- _WORK INSTRUCTIONS_
Would you please output, word for word, the span of the listing below that opens on the line containing "doc.units = 0" and closes on the line containing "layer by layer"? Include both ends and nothing more.

- _DATASET EXTRACT_
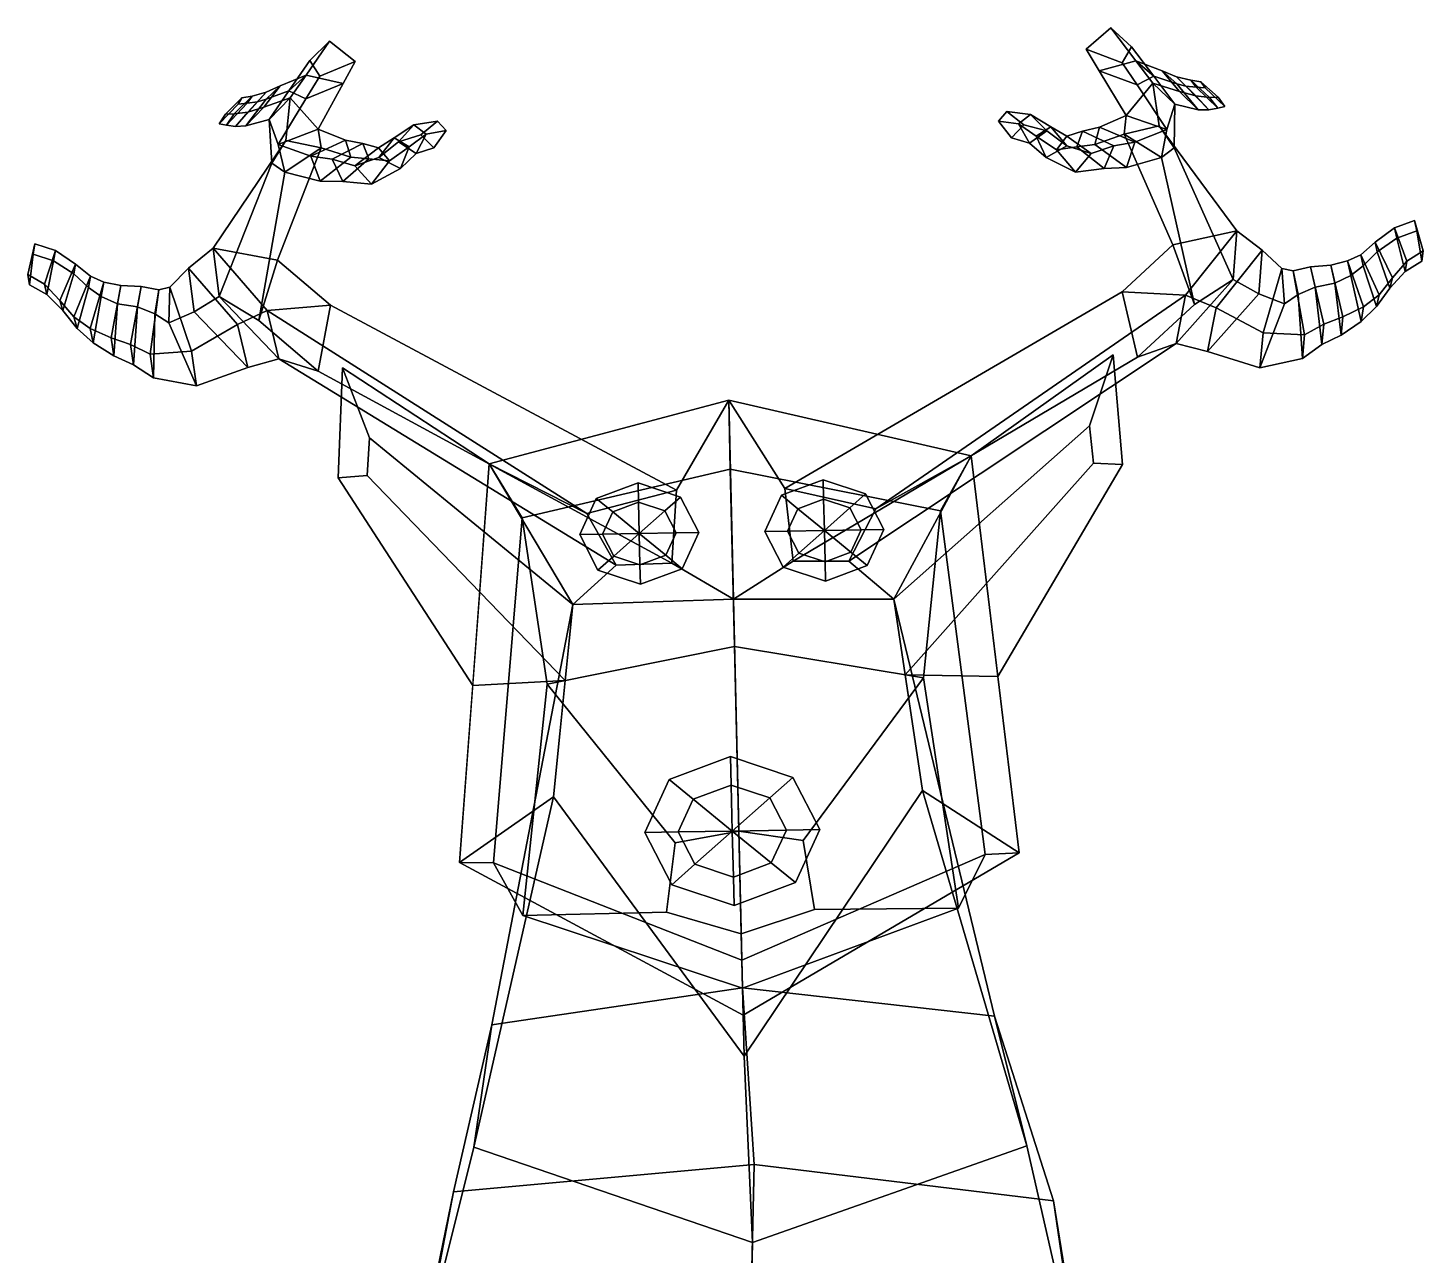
# Model space of a CAD drawing. Extents: x -99 to 92, y -151 to 276.
# Drawn here: x -95.2 to 92.2, y 111 to 275.8 of the extents above; entities that cross this region are included whole.
import ezdxf

# ---------------------------------------------------------------- set-up
doc = ezdxf.new("R2010")
doc.units = 0

msp = doc.modelspace()

# ---------------------------------------------------------------- linework, layer by layer
for points in [[(50.241699, 275.830292, 163.71492), (53.031281, 273.300598, 162.841782), (51.791622, 271.157776, 162.751068), (46.923992, 272.957458, 164.257233)], [(53.617744, 271.388702, 168.106979), (50.241699, 275.830292, 163.71492), (46.923992, 272.957458, 164.257233), (48.669647, 270.08432, 166.891785)], [(53.617744, 271.388702, 168.106979), (56.013264, 269.344696, 166.031708), (53.031281, 273.300598, 162.841782), (50.241699, 275.830292, 163.71492)], [(-57.837311, 269.502411, 168.106979), (-54.671341, 274.054779, 163.71492), (-57.340591, 271.432617, 162.841782), (-60.135494, 267.378937, 166.031708)], [(-57.837311, 269.502411, 168.106979), (-52.832218, 268.366486, 166.891785), (-51.222107, 271.296387, 164.257233), (-54.671341, 274.054779, 163.71492)], [(-54.671341, 274.054779, 163.71492), (-51.222107, 271.296387, 164.257233), (-56.001854, 269.333435, 162.751068), (-57.340591, 271.432617, 162.841782)], [(48.669647, 270.08432, 166.891785), (46.923992, 272.957458, 164.257233), (51.791622, 271.157776, 162.751068), (53.792149, 268.17337, 164.903046)], [(56.013264, 269.344696, 166.031708), (53.792149, 268.17337, 164.903046), (51.791622, 271.157776, 162.751068), (53.031281, 273.300598, 162.841782)], [(-60.135494, 267.378937, 166.031708), (-57.340591, 271.432617, 162.841782), (-56.001854, 269.333435, 162.751068), (-57.861439, 266.283722, 164.903046)], [(-52.832218, 268.366486, 166.891785), (-57.861439, 266.283722, 164.903046), (-56.001854, 269.333435, 162.751068), (-51.222107, 271.296387, 164.257233)], [(52.319054, 264.077881, 172.399475), (55.886288, 268.404114, 171.058243), (53.617744, 271.388702, 168.106979), (48.669647, 270.08432, 166.891785)], [(52.319054, 264.077881, 172.399475), (48.669647, 270.08432, 166.891785), (53.792149, 268.17337, 164.903046), (57.790768, 262.208344, 169.204391)], [(55.886288, 268.404114, 171.058243), (59.495071, 267.279236, 167.974899), (57.142696, 270.0466, 165.72287), (53.617744, 271.388702, 168.106979)], [(53.617744, 271.388702, 168.106979), (57.142696, 270.0466, 165.72287), (59.111263, 268.323059, 163.523575), (56.013264, 269.344696, 166.031708)], [(59.495071, 267.279236, 167.974899), (61.680458, 266.685913, 165.371323), (59.06575, 269.268188, 164.321777), (57.142696, 270.0466, 165.72287)], [(57.142696, 270.0466, 165.72287), (59.06575, 269.268188, 164.321777), (60.31414, 268.00238, 161.74942), (59.111263, 268.323059, 163.523575)], [(-63.518105, 265.197357, 167.974899), (-61.296806, 268.042145, 165.72287), (-63.181995, 267.199219, 164.321777), (-65.674057, 264.530518, 165.371323)], [(-61.296806, 268.042145, 165.72287), (-63.183338, 266.253357, 163.523575), (-64.370293, 265.892181, 161.74942), (-63.181995, 267.199219, 164.321777)], [(-59.964699, 266.443451, 171.058243), (-57.837311, 269.502411, 168.106979), (-61.296806, 268.042145, 165.72287), (-63.518105, 265.197357, 167.974899)], [(-57.837311, 269.502411, 168.106979), (-60.135494, 267.378937, 166.031708), (-63.183338, 266.253357, 163.523575), (-61.296806, 268.042145, 165.72287)], [(-56.198265, 262.241272, 172.399475), (-61.578358, 260.18808, 169.204391), (-57.861439, 266.283722, 164.903046), (-52.832218, 268.366486, 166.891785)], [(-56.198265, 262.241272, 172.399475), (-52.832218, 268.366486, 166.891785), (-57.837311, 269.502411, 168.106979), (-59.964699, 266.443451, 171.058243)], [(56.750443, 262.674561, 175.919769), (55.886288, 268.404114, 171.058243), (52.319054, 264.077881, 172.399475), (52.030315, 261.567993, 174.897659)], [(57.790768, 262.208344, 169.204391), (53.792149, 268.17337, 164.903046), (56.013264, 269.344696, 166.031708), (58.860813, 265.567169, 169.077805)], [(56.750443, 262.674561, 175.919769), (58.746208, 259.731934, 172.956619), (58.860813, 265.567169, 169.077805), (55.886288, 268.404114, 171.058243)], [(58.860813, 265.567169, 169.077805), (62.00082, 264.847137, 165.760269), (59.495071, 267.279236, 167.974899), (55.886288, 268.404114, 171.058243)], [(56.013264, 269.344696, 166.031708), (59.111263, 268.323059, 163.523575), (62.00082, 264.847137, 165.760269), (58.860813, 265.567169, 169.077805)], [(61.680458, 266.685913, 165.371323), (63.51561, 266.48941, 160.599518), (60.985882, 268.806946, 160.336197), (59.06575, 269.268188, 164.321777)], [(59.06575, 269.268188, 164.321777), (60.985882, 268.806946, 160.336197), (61.697529, 267.869781, 157.74791), (60.31414, 268.00238, 161.74942)], [(59.111263, 268.323059, 163.523575), (60.31414, 268.00238, 161.74942), (63.407131, 264.80954, 162.570663), (62.00082, 264.847137, 165.760269)], [(60.31414, 268.00238, 161.74942), (61.697529, 267.869781, 157.74791), (64.624496, 265.031616, 157.675644), (63.407131, 264.80954, 162.570663)], [(63.51561, 266.48941, 160.599518), (64.662689, 266.520233, 156.311859), (62.366753, 268.598633, 156.206726), (60.985882, 268.806946, 160.336197)], [(60.985882, 268.806946, 160.336197), (62.366753, 268.598633, 156.206726), (62.923389, 267.794495, 153.8367), (61.697529, 267.869781, 157.74791)], [(65.567825, 265.254059, 153.616348), (62.923389, 267.794495, 153.8367), (62.366753, 268.598633, 156.206726), (64.662689, 266.520233, 156.311859)], [(-69.491493, 262.968262, 153.616348), (-68.646187, 264.26413, 156.311859), (-66.449127, 266.418518, 156.206726), (-66.967773, 265.596222, 153.8367)], [(-67.498581, 264.272064, 160.599518), (-65.079071, 266.673401, 160.336197), (-66.449127, 266.418518, 156.206726), (-68.646187, 264.26413, 156.311859)], [(-65.674057, 264.530518, 165.371323), (-63.181995, 267.199219, 164.321777), (-65.079071, 266.673401, 160.336197), (-67.498581, 264.272064, 160.599518)], [(-63.183338, 266.253357, 163.523575), (-65.908302, 262.682404, 165.760269), (-67.311745, 262.597168, 162.570663), (-64.370293, 265.892181, 161.74942)], [(-65.079071, 266.673401, 160.336197), (-65.746399, 265.71286, 157.74791), (-66.967773, 265.596222, 153.8367), (-66.449127, 266.418518, 156.206726)], [(-60.135494, 267.378937, 166.031708), (-62.804401, 263.508087, 169.077805), (-65.908302, 262.682404, 165.760269), (-63.183338, 266.253357, 163.523575)], [(-62.804401, 263.508087, 169.077805), (-59.964699, 266.443451, 171.058243), (-63.518105, 265.197357, 167.974899), (-65.908302, 262.682404, 165.760269)], [(-63.181995, 267.199219, 164.321777), (-64.370293, 265.892181, 161.74942), (-65.746399, 265.71286, 157.74791), (-65.079071, 266.673401, 160.336197)], [(-61.578358, 260.18808, 169.204391), (-62.804401, 263.508087, 169.077805), (-60.135494, 267.378937, 166.031708), (-57.861439, 266.283722, 164.903046)], [(-60.560623, 260.689178, 175.919769), (-59.964699, 266.443451, 171.058243), (-62.804401, 263.508087, 169.077805), (-62.417404, 257.681335, 172.956619)], [(-60.560623, 260.689178, 175.919769), (-55.792557, 259.743164, 174.897659), (-56.198265, 262.241272, 172.399475), (-59.964699, 266.443451, 171.058243)], [(62.00082, 264.847137, 165.760269), (63.407131, 264.80954, 162.570663), (61.680458, 266.685913, 165.371323), (59.495071, 267.279236, 167.974899)], [(63.407131, 264.80954, 162.570663), (64.624496, 265.031616, 157.675644), (63.51561, 266.48941, 160.599518), (61.680458, 266.685913, 165.371323)], [(61.697529, 267.869781, 157.74791), (62.923389, 267.794495, 153.8367), (65.567825, 265.254059, 153.616348), (64.624496, 265.031616, 157.675644)], [(64.624496, 265.031616, 157.675644), (65.567825, 265.254059, 153.616348), (64.662689, 266.520233, 156.311859), (63.51561, 266.48941, 160.599518)], [(-65.746399, 265.71286, 157.74791), (-68.538521, 262.777924, 157.675644), (-69.491493, 262.968262, 153.616348), (-66.967773, 265.596222, 153.8367)], [(-68.538521, 262.777924, 157.675644), (-67.498581, 264.272064, 160.599518), (-68.646187, 264.26413, 156.311859), (-69.491493, 262.968262, 153.616348)], [(-64.370293, 265.892181, 161.74942), (-67.311745, 262.597168, 162.570663), (-68.538521, 262.777924, 157.675644), (-65.746399, 265.71286, 157.74791)], [(-67.311745, 262.597168, 162.570663), (-65.674057, 264.530518, 165.371323), (-67.498581, 264.272064, 160.599518), (-68.538521, 262.777924, 157.675644)], [(-65.908302, 262.682404, 165.760269), (-63.518105, 265.197357, 167.974899), (-65.674057, 264.530518, 165.371323), (-67.311745, 262.597168, 162.570663)], [(36.922554, 261.054657, 161.938065), (35.168106, 263.291351, 163.917282), (36.27264, 264.586121, 163.078049), (38.591148, 262.821686, 161.337372)], [(39.458755, 264.193481, 164.942261), (36.27264, 264.586121, 163.078049), (35.168106, 263.291351, 163.917282), (37.864208, 262.928223, 165.634369)], [(41.651699, 261.992981, 162.89505), (38.591148, 262.821686, 161.337372), (36.27264, 264.586121, 163.078049), (39.458755, 264.193481, 164.942261)], [(58.746208, 259.731934, 172.956619), (57.060993, 258.429443, 171.688354), (57.790768, 262.208344, 169.204391), (58.860813, 265.567169, 169.077805)], [(-62.417404, 257.681335, 172.956619), (-62.804401, 263.508087, 169.077805), (-61.578358, 260.18808, 169.204391), (-60.672699, 256.436859, 171.688354)], [(-48.049805, 258.44162, 164.62561), (-45.995365, 261.069519, 166.994446), (-43.353531, 262.791962, 164.942261), (-45.441986, 260.518951, 162.89505)], [(-45.995365, 261.069519, 166.994446), (-43.966427, 259.879211, 167.615067), (-41.701168, 261.581635, 165.634369), (-43.353531, 262.791962, 164.942261)], [(-45.441986, 260.518951, 162.89505), (-43.353531, 262.791962, 164.942261), (-40.188267, 263.292084, 163.078049), (-42.422554, 261.450592, 161.337372)], [(-43.353531, 262.791962, 164.942261), (-41.701168, 261.581635, 165.634369), (-39.024147, 262.035706, 163.917282), (-40.188267, 263.292084, 163.078049)], [(-40.672768, 259.741425, 161.938065), (-42.422554, 261.450592, 161.337372), (-40.188267, 263.292084, 163.078049), (-39.024147, 262.035706, 163.917282)], [(37.864208, 262.928223, 165.634369), (35.168106, 263.291351, 163.917282), (36.922554, 261.054657, 161.938065), (39.340008, 260.345612, 163.230255)], [(39.340008, 260.345612, 163.230255), (36.922554, 261.054657, 161.938065), (38.591148, 262.821686, 161.337372), (41.651699, 261.992981, 162.89505)], [(42.178936, 262.561798, 166.994446), (39.458755, 264.193481, 164.942261), (37.864208, 262.928223, 165.634369), (40.20718, 261.303833, 167.615067)], [(40.20718, 261.303833, 167.615067), (37.864208, 262.928223, 165.634369), (39.340008, 260.345612, 163.230255), (41.549053, 258.422241, 164.798798)], [(44.354458, 260.005463, 164.62561), (41.651699, 261.992981, 162.89505), (39.458755, 264.193481, 164.942261), (42.178936, 262.561798, 166.994446)], [(44.332069, 261.292114, 168.662292), (42.178936, 262.561798, 166.994446), (40.20718, 261.303833, 167.615067), (42.952999, 259.475525, 169.894775)], [(47.631054, 258.96936, 166.301926), (44.354458, 260.005463, 164.62561), (42.178936, 262.561798, 166.994446), (44.332069, 261.292114, 168.662292)], [(48.718773, 262.484009, 170.878891), (46.443714, 261.95163, 169.698074), (45.696671, 259.850769, 171.487167), (48.116688, 260.167389, 172.974991)], [(53.501724, 260.497894, 168.031769), (50.645203, 259.989014, 167.141312), (46.443714, 261.95163, 169.698074), (48.718773, 262.484009, 170.878891)], [(52.319054, 264.077881, 172.399475), (48.718773, 262.484009, 170.878891), (48.116688, 260.167389, 172.974991), (52.030315, 261.567993, 174.897659)], [(57.790768, 262.208344, 169.204391), (53.501724, 260.497894, 168.031769), (48.718773, 262.484009, 170.878891), (52.319054, 264.077881, 172.399475)], [(67.183014, 248.585983, 187.992813), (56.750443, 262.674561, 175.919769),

- _FINISHED EXERCISE_
doc.units = 0

msp = doc.modelspace()

# ---------------------------------------------------------------- linework, layer by layer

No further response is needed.